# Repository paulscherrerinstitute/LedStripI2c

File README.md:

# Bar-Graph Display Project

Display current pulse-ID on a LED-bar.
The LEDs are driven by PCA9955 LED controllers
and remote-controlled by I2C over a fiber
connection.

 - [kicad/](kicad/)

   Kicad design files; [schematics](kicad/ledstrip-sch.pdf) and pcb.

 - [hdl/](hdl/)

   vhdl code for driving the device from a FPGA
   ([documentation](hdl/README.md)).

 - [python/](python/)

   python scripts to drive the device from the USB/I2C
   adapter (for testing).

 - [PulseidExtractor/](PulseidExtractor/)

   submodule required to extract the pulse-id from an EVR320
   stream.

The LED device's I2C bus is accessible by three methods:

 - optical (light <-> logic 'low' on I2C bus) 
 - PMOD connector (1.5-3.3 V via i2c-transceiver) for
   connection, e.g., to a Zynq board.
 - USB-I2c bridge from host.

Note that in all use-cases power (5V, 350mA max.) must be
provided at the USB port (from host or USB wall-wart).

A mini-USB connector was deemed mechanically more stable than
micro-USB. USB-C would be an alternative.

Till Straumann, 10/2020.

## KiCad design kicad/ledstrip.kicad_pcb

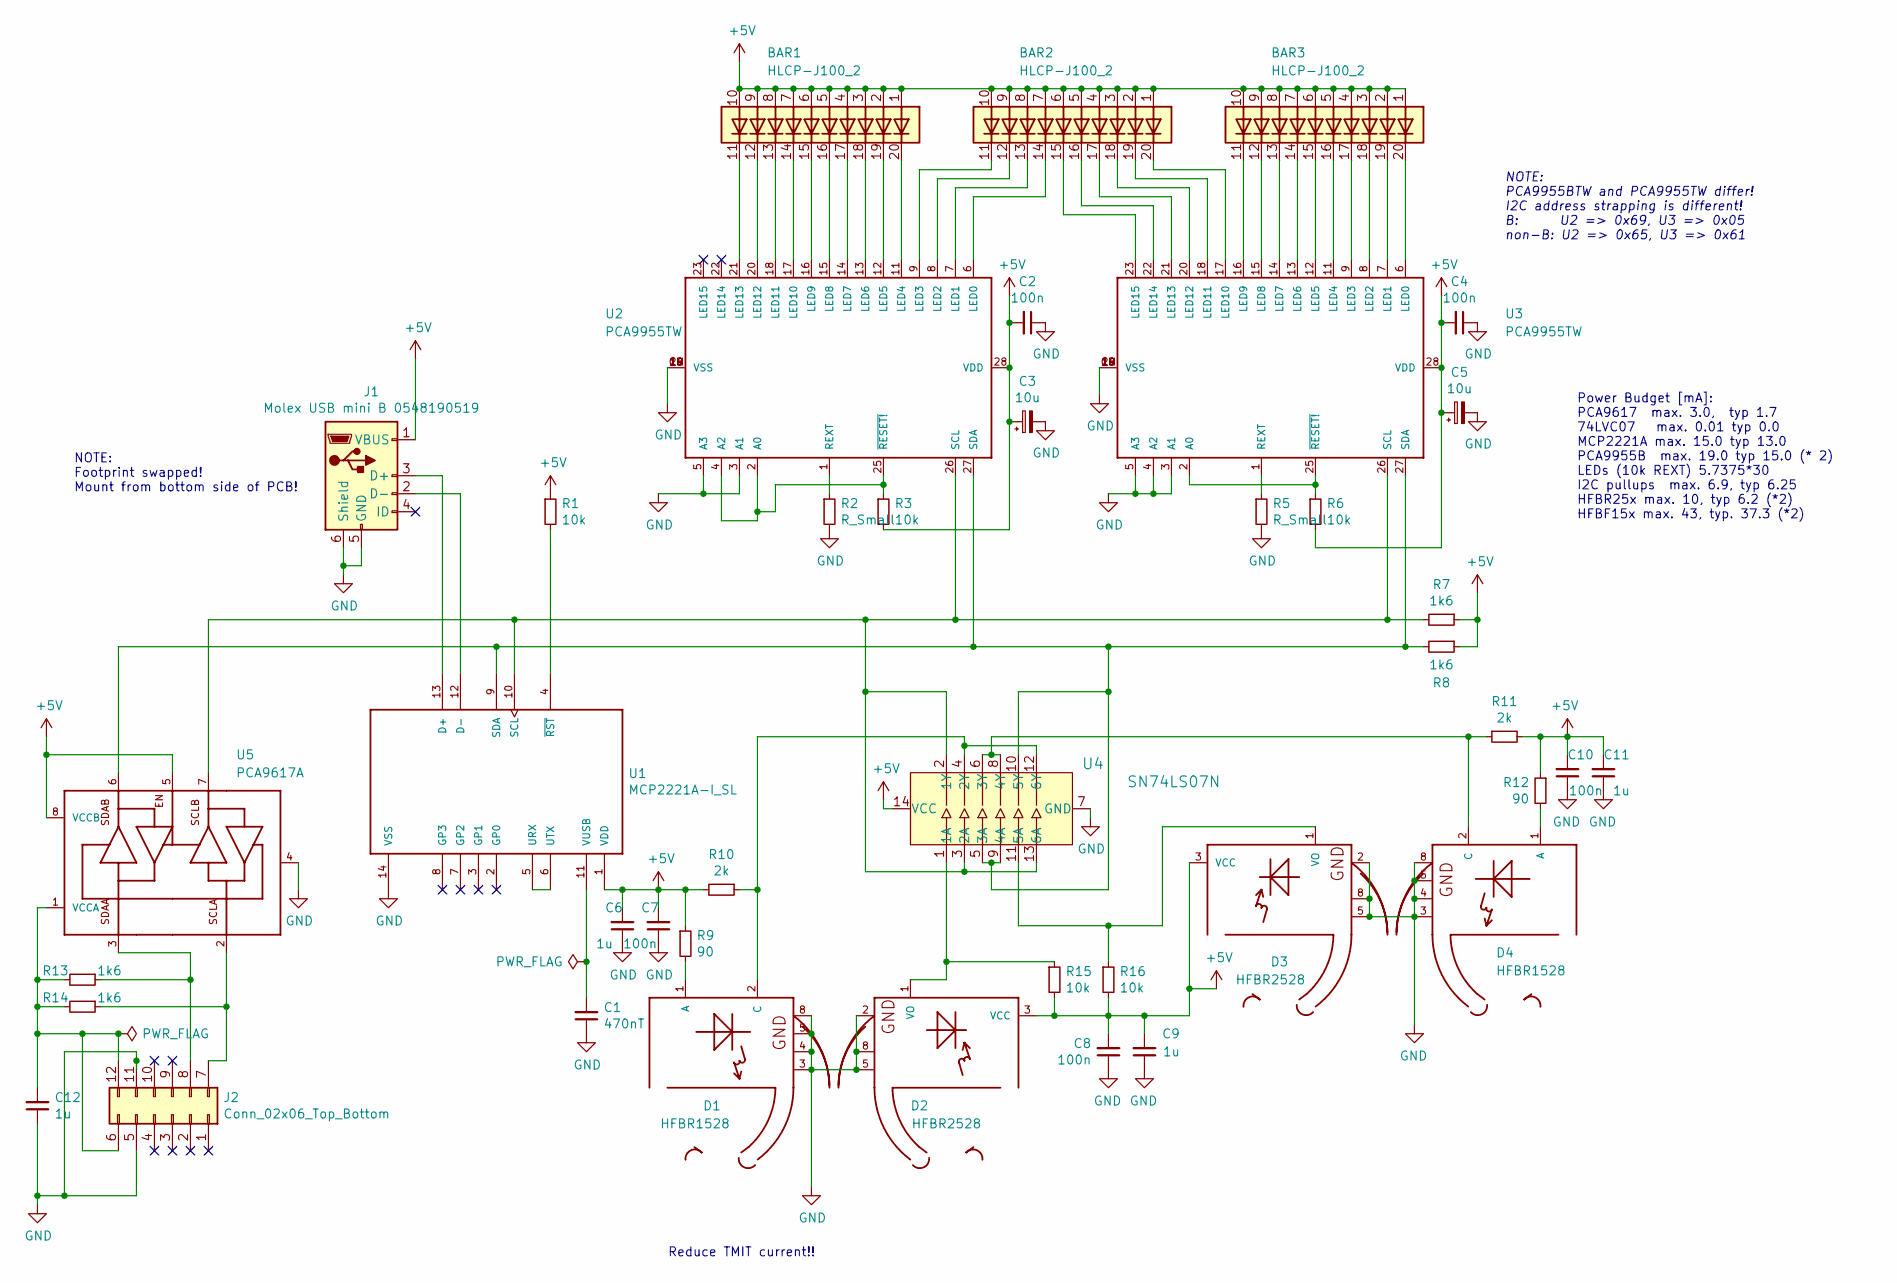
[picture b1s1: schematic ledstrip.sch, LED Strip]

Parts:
BAR1, BAR2, BAR3: HLCP-J100_2; HLCP-J100
C1: 470nT; C_0805_2012Metric
C2, C4, C7, C8, C10: 100n; C_0603_1608Metric
C3, C5: 10u; CP_EIA-3216-10_Kemet-I
C6, C9, C11, C12: 1u; C_0805_2012Metric
D1, D4: HFBR1528; HFBR25XX
D2, D3: HFBR2528; HFBR25XX
J1: Molex USB mini B 0548190519; USB_Mini_B_Female_548190519
J2: Conn_02x06_Top_Bottom; PMOD_PinHeader_2x06_P2.54mm_Horizontal
R1, R3, R6, R15, R16: 10k; R_0603_1608Metric
R2, R5: R_Small; R_0603_1608Metric
R7, R8, R13, R14: 1k6; R_0603_1608Metric
R9, R12: 90; R_1206_3216Metric
R10, R11: 2k; R_0603_1608Metric
U1: MCP2221A-I_SL; SOIC127P600X175-14N
U2, U3: PCA9955TW; SOT1172-2
U4: SN74LS07N; SOIC-14_3.9x8.7mm_P1.27mm; MPN SN74LS07N; Digi-Key_PN 296-1629-5-ND
U5: PCA9617A; TSSOP-8_W3mm

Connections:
+5V: BAR1.1 (A), BAR1.2 (A), BAR1.3 (A), BAR1.4 (A), BAR1.5 (A), BAR1.6 (A), BAR1.7 (A), BAR1.8 (A), BAR1.9 (A), BAR1.10 (A), BAR2.1 (A), BAR2.2 (A), BAR2.3 (A), BAR2.4 (A), BAR2.5 (A), BAR2.6 (A), BAR2.7 (A), BAR2.8 (A), BAR2.9 (A), BAR2.10 (A), BAR3.1 (A), BAR3.2 (A), BAR3.3 (A), BAR3.4 (A), BAR3.5 (A), BAR3.6 (A), BAR3.7 (A), BAR3.8 (A), BAR3.9 (A), BAR3.10 (A), C2.2, C3.1, C4.2, C5.1, C6.2, C7.2, C8.2, C9.2, C10.2, C11.2, D2.3 (VCC), D3.3 (VCC), J1.1 (VBUS), R1.1, R3.2, R6.2, R7.1, R8.1, R9.1, R10.2, R11.2, R12.1, R15.2, R16.2, U1.1 (VDD), U2.28 (VDD), U3.28 (VDD), U4.14 (VCC), U5.5, U5.8 (VCCB)
GND: C1.1, C2.1, C3.2, C4.1, C5.2, C6.1, C7.1, C8.1, C9.1, C10.1, C11.1, C12.1, D1.3, D1.4, D1.5, D1.8, D2.2, D2.5, D2.8, D3.2, D3.5, D3.8, D4.3, D4.4, D4.5, D4.8, J1.5 (GND), J1.6 (Shield), J2.5, J2.11, R2.2, R5.2, U1.14 (VSS), U2.3 (A1), U2.5 (A3), U2.10 (VSS), U2.19 (VSS), U2.24 (VSS), U2.CM (VSS), U3.3 (A1), U3.4 (A2), U3.5 (A3), U3.10 (VSS), U3.19 (VSS), U3.24 (VSS), U3.CM (VSS), U4.7 (GND), U5.4
unnamed: BAR1.11 (K), U2.21 (LED13)
unnamed: BAR1.12 (K), U2.20 (LED12)
unnamed: BAR1.13 (K), U2.18 (LED11)
unnamed: BAR1.14 (K), U2.17 (LED10)
unnamed: BAR1.15 (K), U2.16 (LED9)
unnamed: BAR1.16 (K), U2.15 (LED8)
unnamed: BAR1.17 (K), U2.14 (LED7)
unnamed: BAR1.18 (K), U2.13 (LED6)
unnamed: BAR1.19 (K), U2.12 (LED5)
unnamed: BAR1.20 (K), U2.11 (LED4)
unnamed: BAR2.11 (K), U2.9 (LED3)
unnamed: BAR2.12 (K), U2.8 (LED2)
unnamed: BAR2.13 (K), U2.7 (LED1)
unnamed: BAR2.14 (K), U2.6 (LED0)
unnamed: BAR2.15 (K), U3.23 (LED15)
unnamed: BAR2.16 (K), U3.22 (LED14)
unnamed: BAR2.17 (K), U3.21 (LED13)
unnamed: BAR2.18 (K), U3.20 (LED12)
unnamed: BAR2.19 (K), U3.18 (LED11)
unnamed: BAR2.20 (K), U3.17 (LED10)
unnamed: BAR3.11 (K), U3.16 (LED9)
unnamed: BAR3.12 (K), U3.15 (LED8)
unnamed: BAR3.13 (K), U3.14 (LED7)
unnamed: BAR3.14 (K), U3.13 (LED6)
unnamed: BAR3.15 (K), U3.12 (LED5)
unnamed: BAR3.16 (K), U3.11 (LED4)
unnamed: BAR3.17 (K), U3.9 (LED3)
unnamed: BAR3.18 (K), U3.8 (LED2)
unnamed: BAR3.19 (K), U3.7 (LED1)
unnamed: BAR3.20 (K), U3.6 (LED0)
unnamed: C1.2, U1.11 (VUSB)
unnamed: C12.2, J2.6, J2.12, R13.2, R14.2, U5.1 (VCCA)
unnamed: D1.1 (A), R9.2
unnamed: D1.2 (C), R10.1, U4.4 (2Y), U4.12 (6Y)
unnamed: D2.1 (VO), R15.1, U4.1 (1A)
unnamed: D3.1 (VO), R16.1, U4.11 (5A)
unnamed: D4.1 (A), R12.2
unnamed: D4.2 (C), R11.1, U4.6 (3Y), U4.8 (4Y)
unnamed: J1.2 (D-), U1.12 (D-)
unnamed: J1.3 (D+), U1.13 (D+)
unnamed: J2.7, R14.1, U5.2
unnamed: J2.8, R13.1, U5.3
unnamed: R1.2, U1.4 (~RST~)
unnamed: R2.1, U2.1 (REXT)
unnamed: R3.1, U2.2 (A0), U2.4 (A2), U2.25 (~RESET!~)
unnamed: R5.1, U3.1 (REXT)
unnamed: R6.1, U3.2 (A0), U3.25 (~RESET!~)
unnamed: R7.2, U1.10 (SCL), U2.26 (SCL), U3.26 (SCL), U4.2 (1Y), U4.3 (2A), U4.13 (6A), U5.7
unnamed: R8.2, U1.9 (SDA), U2.27 (SDA), U3.27 (SDA), U4.5 (3A), U4.9 (4A), U4.10 (5Y), U5.6
unnamed: U1.5 (URX), U1.6 (UTX)

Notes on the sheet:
Reduce TMIT current!!
Power Budget [mA]: PCA9617 max. 3.0, typ 1.7 74LVC07 max. 0.01 typ 0.0 MCP2221A max. 15.0 typ 13.0 PCA9955B max. 19.0 typ 15.0 (* 2) LEDs (10k REXT) 5.7375*30 I2C pullups max. 6.9, typ 6.25 HFBR25x max. 10, typ 6.2 (*2) HFBF15x max. 43, typ. 37.3 (*2)
NOTE: PCA9955BTW and PCA9955TW differ! I2C address strapping is different! B: U2 => 0x69, U3 => 0x05 non-B: U2 => 0x65, U3 => 0x61
NOTE: Footprint swapped! Mount from bottom side of PCB!

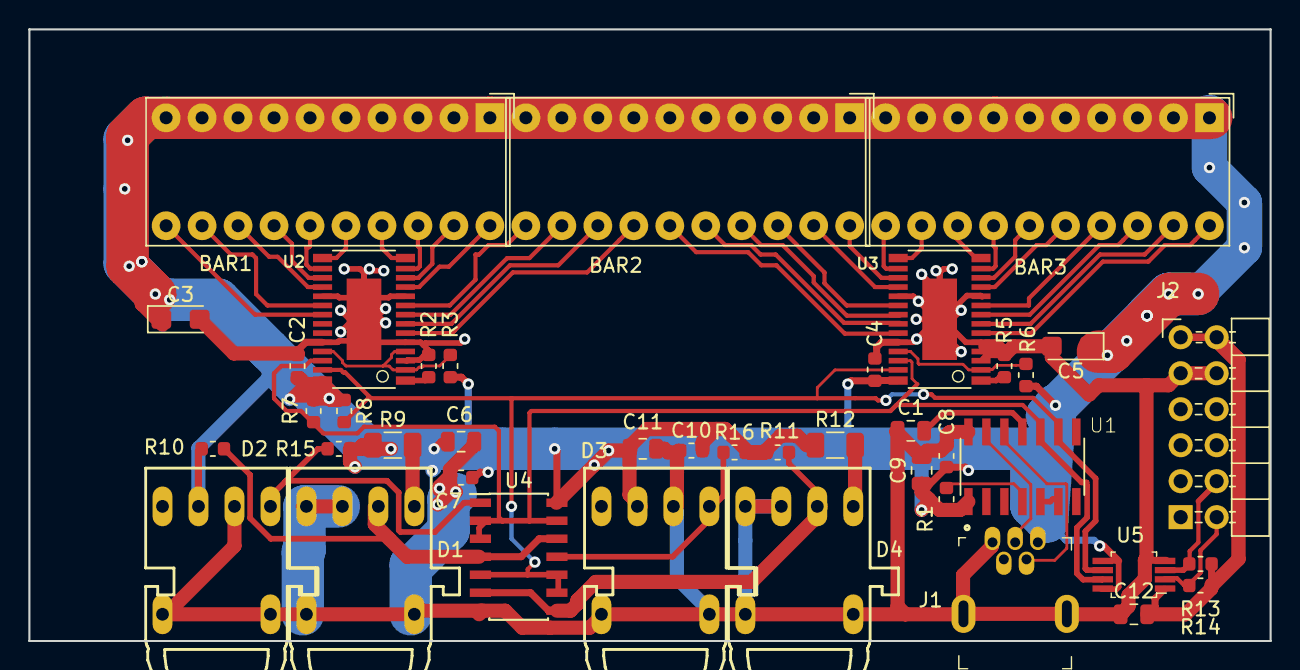
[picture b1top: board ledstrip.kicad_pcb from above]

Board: 2 copper layers, 87.6 x 43.2 mm, 41 parts (0 on the bottom side), 52 nets.

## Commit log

2020-10-08 Added new...
2020-10-08 First python implementation
2020-10-08 mcp2221_i2c.py: added more functionality
2020-10-08 renamed mcp2221_i2c.py -> Mcp2221I2c,py; added LedStrip.py
2020-10-08 changed some sleep times in test routine
2020-10-08 LedStrip.py: setPwmIref() accepts arrays/collections
2020-10-14 Mcp2221I2c.py: Support writing chip settings to flash
2020-10-15 Changed 'drain'; support restart+write; ensure device is drained before sending new read/write commands
2020-10-20 initial import from PON
2020-10-20 ioxos_mpc_master_i2c_ctl.vhd: convert to numeric_std; don't set ila signals if ila is disabled
    setting ila signals caused warnings about to_unsigned range errors
    (target slv too short).
2020-10-20 ila_dummy.vhd: added (for ghdl)
2020-10-20 i2ctb.vhd: added test bed
2020-10-20 i2ctb.vhd: added several helper procedures
2020-10-21 Added PulseID Extractor module.
    Extract pulse ID from EVR stream.
2020-10-21 Added MpcI2cSequencer
2020-10-21 made initial FDR value a generic
2020-10-21 Added LedStripController.vhd
2020-10-21 - added i2cRegSlaveWrap.vhd for testing
2020-10-21 ioxos_mpc_master_i2c_ctl.vhd: support small prescaler dividers
    If FDR(7) is set then we use FDR(6 downto 0) literally.
    Also: allow for read-only FDR (save a bit of logic) via generic
2020-10-21 bugfixes
2020-10-21 Added LedStripMmioWrapper.vhd
2020-10-21 Moved test code to 'tb/'
2020-10-21 more test code to 'tb/'
2020-10-21 made strobe rate run-time modifiable
2020-10-21 added debugging signals
2020-10-21 MmioWrapper: use word address!
2020-10-21 more debugging signals
2020-10-21 fixed bit-length error in debugging signal assignment;
2020-10-21 another vector-length fix
2020-10-21 fixed wrong range in debug state vector
2020-10-22 Must handle arbitration loss to avoid hangs
2020-10-22 MpcI2cSequencer.vhd: added missing definition for ST_MAL bit
2020-10-22 MpcI2cSequencer.vhd: added missing ';'
2020-10-22 Made gray-code enablement a run-time option
2020-10-22 Run-time support for FDR fixes, updated tests
2020-10-22 LedStripMmioWrapper.vhd: vivado packager didn't grok to_unsigned in generic default assignment
2020-10-22 Fixed some errors reported by vivado (passed ghdl, though)
2020-10-22 added debouncer to git
2020-10-22 LedStripMmioWrapper.vhd: removed unused signal that was set but not declared
2020-10-22 psi-file-list.tcl: added
2020-10-22 psi-file-list.tcl: cosmetics
2020-10-22 LedStripMmioWrapper.vhd: needed another work-around to make the vivado packager happy :-(
    It cannot understand BLAH := "1" & "1100"; (concatenation)!
2020-10-22 LedStripController.vhd: added comment
2020-10-23 LedStripMmioWrapper.vhd: enable gray-code by default in control-register
2020-10-26 PulseidExtractor.vhd: added synchronizer for strobe signal as well as async output clock
2020-10-26 PulseIdExtractor.vhd: added trigger feature
2020-10-26 moved hdl into hdl/ subdir
2020-10-26 added makefile for testbed
2020-10-26 Moved python and C into separate subdirs
2020-10-26 Added README.md
2020-10-26 Added kicad design files to git
2020-10-26 Added kicad/README.errata file
2020-10-27 updated README.errata
2020-10-27 MpcI2cSequencer: added support for read operations
2020-10-27 MpcI2cSequencerPkg.vhd: added comments
2020-10-27 updated makefile for test
2020-10-28 LedStripController.vhd: read-back and verify PID data; keep error counters
    Also updated test-beds.
2020-10-28 MpcI2cSequencerPkg.vhd: added 'getFDRVal()' to compute FDR value
    Compute from bus- and scl-frequencies running through the table
    if necessary.
2020-10-28 Updated MMIO wrapper to include error counter register readbacks
2020-10-28 LedStripMmioWrapper.vhd: vivado IP packager doesn't support real generics
    Work-around by using integers...
2020-10-28 More tweaks to make vivado IP packager happy (^&(*&^(%%%)
2020-10-28 LedStripMmioWrapper.vhd: added support for marker LEDs
2020-10-28 Added wrapper for tosca/tcsr; rewrote mmio wrapper to use the former
2020-10-28 LedStripTcsrWrapper.vhd: must gray-encode upstream of setting marker LEDs
2020-10-28 PulseidExtractor.vhd: use registered pulseid to help timing (when crossing to user clk)
2020-10-28 LedStripTcsrWrapper.vhd: added mux for selecting an update-trigger.
2020-10-28 LedStripTcsrWrapper.vhd: synchronize mux into EVR clock domain.
2020-10-28 LedStripTcsrWrapper.vhd: created block (help naming stuff in ucf files)
2020-10-28 psi-file-list.tcl: added Tcsr wrapper
2020-10-28 LedStripTcsrWrapper.vhd: made default SCL freq. a generic
2020-10-29 Added README.md for firmware
2020-10-29 updated documentation
2020-10-29 Redrew HFBR component graphics (had rendered badly in PDF)
2020-10-29 ledstrip.sch: added some comments
2020-10-29 added PDF of schematics
2020-10-29 README.md: cosmetics
2020-10-29 README.md: more cosmetics
2020-10-29 hdl/README.md: clarification
2020-10-29 Added watchdog for missing pulseID updates
2020-10-29 Revert watchdog addition; LedStripController strobe may be decimated
2020-10-29 PulseIdExtractor: use EvrStreamType
2020-10-29 Added synchronization checks and watchdog to PulseIdExtractor
    Watchdog checks that we get a regular pulse ID stream
2020-10-29 PulseIdExtractor: moved error counters into output clock domain
2020-10-29 PulseIdExtractor: run watchdog in output clock domain
    This way we only need one know frequency for computing
    cycle counts (in parent module).
2020-10-29 LedStripTcsrWrapper.vhd: added synError and watchdog error counters
2020-10-29 Added counter for delivered (decimated) pulse IDs
2020-10-29 Added counter to verify that pulse-ids are sequential
2020-10-29 LedStripMmioWrapper.vhd: adapted tcsrADD width (which has changed)
2020-10-29 LedStripMmioWrapper.vhd: must rearrange local regs
2020-10-29 Added Version Register
2020-10-29 LedStripTcsrWrapper.vhd: added missing ';'
2020-10-29 Updated hdl/README.md adding info about generics, constraints etc.
2020-10-29 updated README (constraints section)
2020-10-29 README.md: fixed indentation
2020-11-09 Renamed LedStripTcsrWrapperPkg -> Evr320StreamPkg
    The definitions in this package have nothing to do with the LedStrip...
2020-11-09 Fixed PulseIDExtractor (seq errors, pidCount)
    Must check seq errors independently of trigger (decimated
    IDs are not sequential).
    For pidCount count the number of watchdog strobes; this is more
    valuable in case you want to debug trigger problems...
2020-11-09 Added PulseidAtomic.vhd, PulseidAtomicTmem.vhd
2020-11-09 Added LedStripTmemWrapper.vhd (moved some declarations to LedStripWrapperPkg)
2020-11-09 renamed BUSY, PIPE outputs
2020-11-10 PulseidExtractor.vhd: bugfixes
    - must check sequence of pulse-ids on every update, not just when
    trigger is set. If the trigger is used to decimate IDs then the
    previous method would flag sequence errors when there were none.
    - increment pulse ID (statistics) counter on every arriving new
    PID. This is more useful than counting triggers (which is equivalent
    with the PID itself). Allows for diagnosing problems with the
2020-11-10 LedStripTmemWrapper.vhd: FIX: write loop accessed 5 byte lanes instead of 4
2020-11-10 PulseidAtomic.vhd, PulseidAtomicTmem.vhd: used package was renamed to Evr320StreamPkg
2020-11-10 PulseidAtomicTmem.vhd: Added counter-reset bit to control reg.
2020-11-10 psi-file-list.tcl: updated/fixed
2020-11-10 Moved PulseidExtractor to separate git submodule
2020-11-10 PulseidExtractor was migrated to an external module (which we reference as a submodule).
2021-02-18 LedStripTmemWrapper.vhd: BUGFIX: must check IF_ENA when writing!

━━━━

## TASK REQUIREMENTS
Filter the entries above and copy only the lines that hold "cosmetics".

## THE COMPLETED TASK
2020-10-22 psi-file-list.tcl: cosmetics
2020-10-29 README.md: cosmetics
2020-10-29 README.md: more cosmetics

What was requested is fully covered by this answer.